EXERCISE DATA:
═══

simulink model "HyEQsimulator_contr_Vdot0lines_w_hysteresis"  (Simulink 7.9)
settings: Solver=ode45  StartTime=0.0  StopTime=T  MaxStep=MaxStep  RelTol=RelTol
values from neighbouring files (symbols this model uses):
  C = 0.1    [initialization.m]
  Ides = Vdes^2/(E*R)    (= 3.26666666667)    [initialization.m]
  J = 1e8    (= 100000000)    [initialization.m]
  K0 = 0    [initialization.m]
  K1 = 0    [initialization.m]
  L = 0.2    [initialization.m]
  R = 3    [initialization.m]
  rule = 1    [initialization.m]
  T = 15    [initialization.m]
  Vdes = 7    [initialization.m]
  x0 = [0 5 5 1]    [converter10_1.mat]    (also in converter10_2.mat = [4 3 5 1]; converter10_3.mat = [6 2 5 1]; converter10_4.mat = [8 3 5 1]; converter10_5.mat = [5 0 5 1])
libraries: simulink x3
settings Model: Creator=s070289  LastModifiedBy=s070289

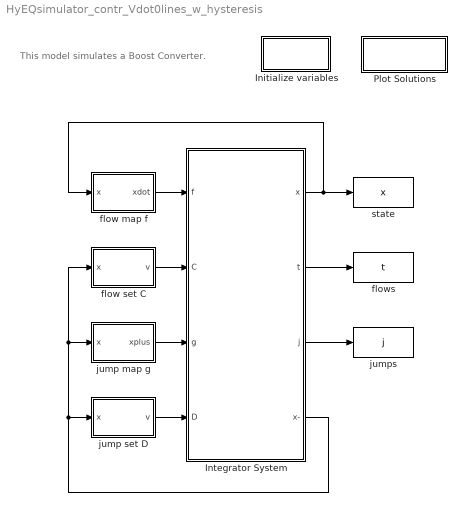
== system HyEQsimulator_contr_Vdot0lines_w_hysteresis ==
  note: This model simulates a Boost Converter.
  Initialize variables : Subsystem
      settings: OpenFcn=initialization
      mask Display: disp('Double Click\n to Initialize')
  Integrator System : Subsystem  mask(Hybrid Integrator){T=T, J=J, x0=x0}
      mask prompts: T "Flow Horizon"; J "Jump Horizon"; x0 "Initial Condition"
      mask help:
      | This block integrates the state of the hybrid system defined by the flow map f (first input), the flow set C (second input), the jump map g (third input) and the jump set D (fourth input).
      | Starting from the initial condition x0 (last mask parameter), the system's state x evolves continuously within the set C, according to f(x,u), but is also subject to jumps within D, according to g(x,u).
      | The block also stops the simulation when the time t is greater than the flow horizon T (first mask parameter), or when the number of jumps j is greater than the jump horizon J (second mask parameter).
      | The outputs of the blocks are respectively x(t), t, j, x(t-).
      mask Help:
      | This block integrates the state of the hybrid system defined by the flow map f (first input), the flow set C (second input), the jump map g (third input) and the jump set D (fourth input).
      | <br>
      | Starting from the initial condition x0 (last mask parameter), the system's state x evolves continuously within the set C, according to f(x,u), but is also subject to jumps within D, according to g(x,u).
      | <br>
      | The block also stops the simulation when the time t is greater than the flow horizon T (first mask parameter), or when the number of jumps j is greater than the jump horizon J (second mask parameter).
      | <br>
      | The outputs of the blocks are respectively x(t), t, j, x(t-).
      | <br>
      | You can right click on the block and "Look under mask" to see what's inside the block.
      | Finally, refer to the manual (HybridSimulator_vXX.pdf) for more detailed information on how this hybrid simulator works.
  Plot Solutions : Subsystem
      settings: OpenFcn=postprocessing
      mask Display: disp('Double Click to\n Plot Solutions')
  flow map f : MATLAB Function  TreatAsAtomicUnit=on
  flow set C : MATLAB Function  TreatAsAtomicUnit=on
  flows : ToWorkspace  VariableName=t  SampleTime=-1
  jump map g : MATLAB Function  TreatAsAtomicUnit=on
  jump set D : MATLAB Function  TreatAsAtomicUnit=on
  jumps : ToWorkspace  VariableName=j  SampleTime=-1
  state : ToWorkspace  VariableName=x  SampleTime=-1
  wires:
  flow map f/1(xdot) -> Integrator System/1(f)
  Integrator System/4(x-) -> jump map g/1(x), flow set C/1(x), jump set D/1(x)
  Integrator System/1(x) -> state/1, flow map f/1(x)
  flow set C/1(v) -> Integrator System/2(C)
  Integrator System/2(t) -> flows/1
  Integrator System/3(j) -> jumps/1
  jump set D/1(v) -> Integrator System/4(D)
  jump map g/1(xplus) -> Integrator System/3(g)

== system HyEQsimulator_contr_Vdot0lines_w_hysteresis/Initialize variables ==

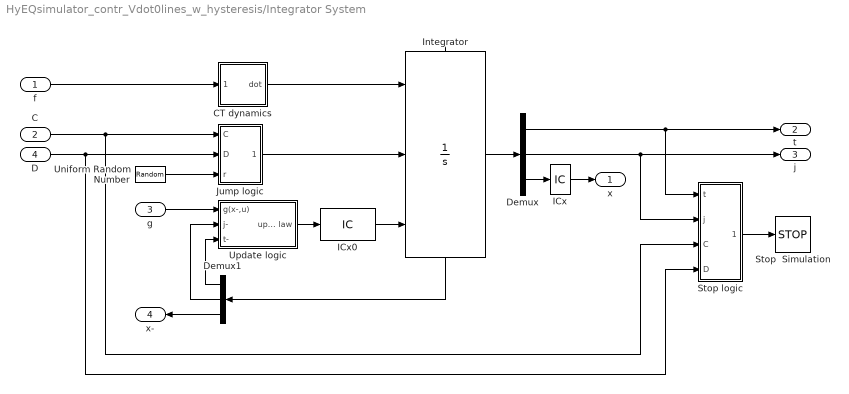
== system HyEQsimulator_contr_Vdot0lines_w_hysteresis/Integrator System ==
  f : Inport
  C : Inport  Port=2
  g : Inport  Port=3
  D : Inport  Port=4
  CT dynamics : Subsystem
  Demux : Demux  Outputs=[1 1 -1]
  Demux1 : Demux  Outputs=[1 1 -1]
  ICx : InitialCondition  Value=x0
  ICx0 : InitialCondition  Value=[0; 0; x0(:)]
  Integrator : Integrator  ExternalReset=level hold  InitialConditionSource=external  ShowStatePort=on  ZeroCross=off
  Jump logic : Subsystem
  Stop  Simulation : Stop
  Stop logic : Subsystem
  Uniform Random Number : UniformRandomNumber  Minimum=0  Seed=abs(floor(100*rand))  SampleTime=0
  Update logic : Subsystem
  x : Outport
  t : Outport  Port=2
  j : Outport  Port=3
  x- : Outport  Port=4
  wires:
  Demux1/2 -> Update logic/2(j-)
  Demux1/1 -> Update logic/3(t-)
  g/1 -> Update logic/1(g(x-,u))
  Uniform Random Number/1 -> Jump logic/3(r)
  Jump logic/1(jump) -> Integrator/2
  Demux1/3 -> x-/1
  f/1 -> CT dynamics/1(f(x,u))
  D/1 -> Jump logic/2(D), Stop logic/4(D)
  C/1 -> Jump logic/1(C), Stop logic/3(C)
  Integrator/1 -> Demux/1
  Stop logic/1(stop) -> Stop  Simulation/1
  CT dynamics/1(dot) -> Integrator/1
  Update logic/1(update law) -> ICx0/1
  Demux/1 -> Stop logic/1(t), t/1
  Demux/2 -> Stop logic/2(j), j/1
  Integrator/State -> Demux1/1
  Demux/3 -> ICx/1
  ICx/1 -> x/1
  ICx0/1 -> Integrator/3

== system HyEQsimulator_contr_Vdot0lines_w_hysteresis/Plot Solutions ==

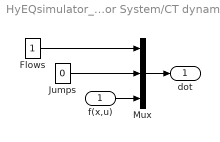
== system HyEQsimulator_contr_Vdot0lines_w_hysteresis/Integrator System/CT dynamics ==
  f(x,u) : Inport
  Flows : Constant
  Jumps : Constant  Value=0
  Mux : Mux  Inputs=[1 1 -1]
  dot : Outport
  wires:
  f(x,u)/1 -> Mux/3
  Mux/1 -> dot/1
  Flows/1 -> Mux/1
  Jumps/1 -> Mux/2

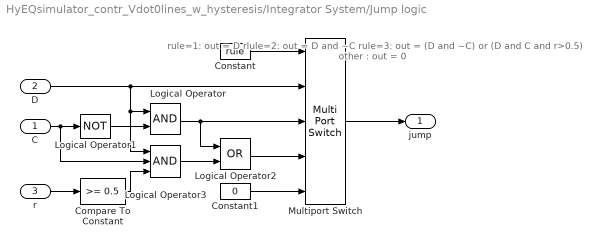
== system HyEQsimulator_contr_Vdot0lines_w_hysteresis/Integrator System/Jump logic ==
  note: rule=1:  out = D
      | rlule=2: out = D and ~C
      | rule=3:  out = (D and ~C)  or (D and C and r>0.5)
      | other :  out = 0
  C : Inport
  D : Inport  Port=2
  r : Inport  Port=3
  Compare To Constant : simulink/Logic and Bit Operations/Compare To Constant  relop=>=  const=0.5  OutDataTypeStr=uint8
  Constant : Constant  Value=rule
  Constant1 : Constant  Value=0
  Logical Operator : Logic  AllPortsSameDT=off  OutDataTypeStr=boolean
  Logical Operator1 : Logic  Operator=NOT  Inputs=1  AllPortsSameDT=off  OutDataTypeStr=boolean
  Logical Operator2 : Logic  Operator=OR  AllPortsSameDT=off  OutDataTypeStr=boolean
  Logical Operator3 : Logic  Inputs=3  AllPortsSameDT=off  OutDataTypeStr=boolean
  Multiport Switch : MultiPortSwitch  DataPortForDefault=Additional data port  zeroidx=off
  jump : Outport
  wires:
  Constant1/1 -> Multiport Switch/5
  Logical Operator3/1 -> Logical Operator2/2
  Compare To Constant/1 -> Logical Operator3/3
  Multiport Switch/1 -> jump/1
  Logical Operator2/1 -> Multiport Switch/4
  Logical Operator/1 -> Logical Operator2/1, Multiport Switch/3
  Logical Operator1/1 -> Logical Operator/2
  C/1 -> Logical Operator1/1, Logical Operator3/2
  r/1 -> Compare To Constant/1
  D/1 -> Multiport Switch/2, Logical Operator/1, Logical Operator3/1
  Constant/1 -> Multiport Switch/1

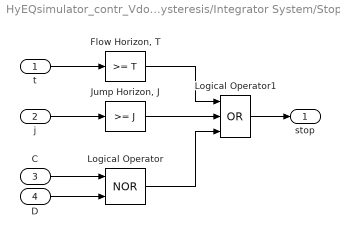
== system HyEQsimulator_contr_Vdot0lines_w_hysteresis/Integrator System/Stop logic ==
  t : Inport
  j : Inport  Port=2
  C : Inport  Port=3
  D : Inport  Port=4
  "Flow Horizon, T" : simulink/Logic and Bit Operations/Compare To Constant  relop=>=  const=T  OutDataTypeStr=uint8  ZeroCross=off
  "Jump Horizon, J" : simulink/Logic and Bit Operations/Compare To Constant  relop=>=  const=J  OutDataTypeStr=uint8  ZeroCross=off
  Logical Operator : Logic  Operator=NOR  AllPortsSameDT=off  OutDataTypeStr=boolean
  Logical Operator1 : Logic  Operator=OR  Inputs=3  AllPortsSameDT=off  OutDataTypeStr=boolean
  stop : Outport
  wires:
  Logical Operator1/1 -> stop/1
  C/1 -> Logical Operator/1
  j/1 -> "Jump Horizon, J"/1
  t/1 -> "Flow Horizon, T"/1
  D/1 -> Logical Operator/2
  Logical Operator/1 -> Logical Operator1/3
  "Jump Horizon, J"/1 -> Logical Operator1/2
  "Flow Horizon, T"/1 -> Logical Operator1/1

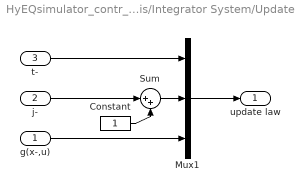
== system HyEQsimulator_contr_Vdot0lines_w_hysteresis/Integrator System/Update logic ==
  g(x-,u) : Inport
  j- : Inport  Port=2
  t- : Inport  Port=3
  Constant : Constant
  Mux1 : Mux  Inputs=[1 1 -1]
  Sum : Sum  Inputs=|++
  update law : Outport
  wires:
  Constant/1 -> Sum/2
  t-/1 -> Mux1/1
  g(x-,u)/1 -> Mux1/3
  j-/1 -> Sum/1
  Mux1/1 -> update law/1
  Sum/1 -> Mux1/2

== matlab function jump set D ==
  data: x input double; v output double; R parameter double; C parameter double; L parameter double; K0 parameter double; K1 parameter double; Vdes parameter double; Ides parameter double; eps parameter double
function v  = D(x, R, C, L, K0, K1, Vdes, Ides, eps) 

%%%%%%%%%%%%%%%%%%%%%%%%%%%%%%%%%%%%%%%%%%%%%%%%%%%%%%%%%%%%%%%%%%%%%%%%%%%
% Matlab Function  Author: Thomas A.F. Theunisse
%
% Project: Simulation of a hybrid system (Boost Converter)
%
% Name: D.m
%
% Description: Jump set for controller 2
%
% Version: 1.0
% Required files: - 
%%%%%%%%%%%%%%%%%%%%%%%%%%%%%%%%%%%%%%%%%%%%%%%%%%%%%%%%%%%%%%%%%%%%%%%%%%%

vC = x(1);
iL = x(2);
E = x(3);
q = round(x(4));

p11 = C/2;
p22 = L/2; 
A0 = -p11/(R*C);
B0 = p11*Vdes/(R*C)+p22*Ides/L;
C0 = -p11*Vdes/C+p22*E/L;
D0 = -p22*Ides*E/L;
A1 = -p11/(R*C);
B1 = p11*Vdes/(R*C);
C1 = p22*E/L;
D1 = -p22*Ides*E/L;

A0tilde = A0+K0*p11*Vdes/(R*C*E);
B0tilde = B0-K0*2*p11*Ides/C;
C0tilde = C0;
D0tilde = D0+K0*p22*Vdes*Ides/L;
A1tilde = A1+K1*p11*Vdes/(R*C*(Vdes-E));
B1tilde = B1+K1*2*p11*Vdes^2/(R*C*(E-Vdes));
C1tilde = C1;
D1tilde = D1+K1*p22*Vdes*Ides*E/(L*(Vdes-E));

gamma0 = A0tilde*vC.^2+B0tilde*vC+C0tilde*iL+D0tilde;
gamma1 = A1tilde*vC.^2+B1tilde*vC+C1tilde*iL+D1tilde;

%gamma0 = (vC-Vdes).*(-vC./R+iL) + (iL-Ides).*(-vC+E);
%gamma1 = -1/R*(vC-Vdes).*vC + E*(iL-Ides);

if ( q == 0 && gamma0 >= eps ) || ( q == 1 && gamma1 >= eps ) % jump condition
    v = 1;  % report jump
else
    v = 0;   % do not report jump
end

== matlab function flow map f ==
  data: x input double; xdot output double; R parameter int32; L parameter double; C parameter double
function xdot = f(x, R, L, C)

%%%%%%%%%%%%%%%%%%%%%%%%%%%%%%%%%%%%%%%%%%%%%%%%%%%%%%%%%%%%%%%%%%%%%%%%%%%
% Matlab Function  Author: Thomas A.F. Theunisse
%
% Project: Simulation of a hybrid system (Boost Converter)
%
% Name: f.m
%
% Description: Flow map
%
% Version: 1.0
% Required files: -
%%%%%%%%%%%%%%%%%%%%%%%%%%%%%%%%%%%%%%%%%%%%%%%%%%%%%%%%%%%%%%%%%%%%%%%%%%%

% flow map: xdot=f(x,u);
vC = x(1);
iL = x(2);
E = x(3);
q = round(x(4));

switch q
    case 0
        if vC <= E || iL >= 0;
            F = [-1/(R*C)*vC+1/C*iL; -1/L*vC+E/L];
        elseif vC > E && iL <= 0; 
            F = [-1/(R*C)*vC; 0];
        else
            F = [0; 0];
        end
    case 1
        F = [-1/(R*C)*vC; E/L];
    otherwise
        F = [0; 0];
%         disp('Warning on f: Unknown method.')
end
xdot = [F; 0; 0];

== matlab function flow set C ==
  data: x input double; v output double; R parameter double; C parameter double; L parameter double; K0 parameter double; K1 parameter double; Vdes parameter double; Ides parameter double; eps parameter double
function v  = C(x, R, C, L, K0, K1, Vdes, Ides, eps) 

%%%%%%%%%%%%%%%%%%%%%%%%%%%%%%%%%%%%%%%%%%%%%%%%%%%%%%%%%%%%%%%%%%%%%%%%%%%
% Matlab Function  Author: Thomas A.F. Theunisse
%
% Project: Simulation of a hybrid system (Boost Converter)
%
% Name: C.m
%
% Description: Flow set
%
% Version: 1.0
% Required files: - 
%%%%%%%%%%%%%%%%%%%%%%%%%%%%%%%%%%%%%%%%%%%%%%%%%%%%%%%%%%%%%%%%%%%%%%%%%%%

vC = x(1);
iL = x(2);
E = x(3);
q = round(x(4));

p11 = C/2;
p22 = L/2; 
A0 = -p11/(R*C);
B0 = p11*Vdes/(R*C)+p22*Ides/L;
C0 = -p11*Vdes/C+p22*E/L;
D0 = -p22*Ides*E/L;
A1 = -p11/(R*C);
B1 = p11*Vdes/(R*C);
C1 = p22*E/L;
D1 = -p22*Ides*E/L;

A0tilde = A0+K0*p11*Vdes/(R*C*E);
B0tilde = B0-K0*2*p11*Ides/C;
C0tilde = C0;
D0tilde = D0+K0*p22*Vdes*Ides/L;
A1tilde = A1+K1*p11*Vdes/(R*C*(Vdes-E));
B1tilde = B1+K1*2*p11*Vdes^2/(R*C*(E-Vdes));
C1tilde = C1;
D1tilde = D1+K1*p22*Vdes*Ides*E/(L*(Vdes-E));

gamma0 = A0tilde*vC.^2+B0tilde*vC+C0tilde*iL+D0tilde;
gamma1 = A1tilde*vC.^2+B1tilde*vC+C1tilde*iL+D1tilde;

%gamma0 = (vC-Vdes).*(-vC./R+iL) + (iL-Ides).*(-vC+E);
%gamma1 = -1/R*(vC-Vdes).*vC + E*(iL-Ides);

if ( q == 0 && gamma0 <= eps ) || ( q == 1 && gamma1 <= eps )  % flow condition
    v = 1;  % report flow
else
    v = 0;   % do not report flow
end

== matlab function jump map g ==
  data: x input double; xplus output double; R parameter double; C parameter double; L parameter double; K0 parameter double; K1 parameter double; Vdes parameter double; Ides parameter double; eps parameter double
function xplus = g(x, R, C, L, K0, K1, Vdes, Ides, eps)

%%%%%%%%%%%%%%%%%%%%%%%%%%%%%%%%%%%%%%%%%%%%%%%%%%%%%%%%%%%%%%%%%%%%%%%%%%%
% Matlab Function  Author: Thomas A.F. Theunisse
%
% Project: Simulation of a hybrid system (Boost Converter)
%
% Name: g.m
%
% Description: Jump map for controller 2
%
% Version: 1.0
% Required files: - 
%%%%%%%%%%%%%%%%%%%%%%%%%%%%%%%%%%%%%%%%%%%%%%%%%%%%%%%%%%%%%%%%%%%%%%%%%%%

vC = x(1);
iL = x(2);
E = x(3);
q = round(x(4));

p11 = C/2;
p22 = L/2; 
A0 = -p11/(R*C);
B0 = p11*Vdes/(R*C)+p22*Ides/L;
C0 = -p11*Vdes/C+p22*E/L;
D0 = -p22*Ides*E/L;
A1 = -p11/(R*C);
B1 = p11*Vdes/(R*C);
C1 = p22*E/L;
D1 = -p22*Ides*E/L;

A0tilde = A0+K0*p11*Vdes/(R*C*E);
B0tilde = B0-K0*2*p11*Ides/C;
C0tilde = C0;
D0tilde = D0+K0*p22*Vdes*Ides/L;
A1tilde = A1+K1*p11*Vdes/(R*C*(Vdes-E));
B1tilde = B1+K1*2*p11*Vdes^2/(R*C*(E-Vdes));
C1tilde = C1;
D1tilde = D1+K1*p22*Vdes*Ides*E/(L*(Vdes-E));

gamma0 = A0tilde*vC.^2+B0tilde*vC+C0tilde*iL+D0tilde;
gamma1 = A1tilde*vC.^2+B1tilde*vC+C1tilde*iL+D1tilde;

%gamma0 = (vC-Vdes).*(-vC./R+iL) + (iL-Ides).*(-vC+E);
%gamma1 = -1/R*(vC-Vdes).*vC + E*(iL-Ides);

% jump map

if q == 0 && gamma0 >= eps
    zplus = [vC; iL];
    qplus = 1;
elseif q == 1 && gamma1 >= eps
    zplus = [vC; iL];
    qplus = 0;    
else
    zplus = [vC; iL];
    qplus = q;    
end
    
xplus = [zplus; E; qplus];

═══

EXERCISE:
What is needed is an exact copy of only the lines above from the one with "Flows : Constant" to the one with "out = D and ~C", both kept, with every picture left out.

SOLUTION TO THIS TASK:
  Flows : Constant
  Jumps : Constant  Value=0
  Mux : Mux  Inputs=[1 1 -1]
  dot : Outport
  wires:
  f(x,u)/1 -> Mux/3
  Mux/1 -> dot/1
  Flows/1 -> Mux/1
  Jumps/1 -> Mux/2

== system HyEQsimulator_contr_Vdot0lines_w_hysteresis/Integrator System/Jump logic ==
  note: rule=1:  out = D
      | rlule=2: out = D and ~C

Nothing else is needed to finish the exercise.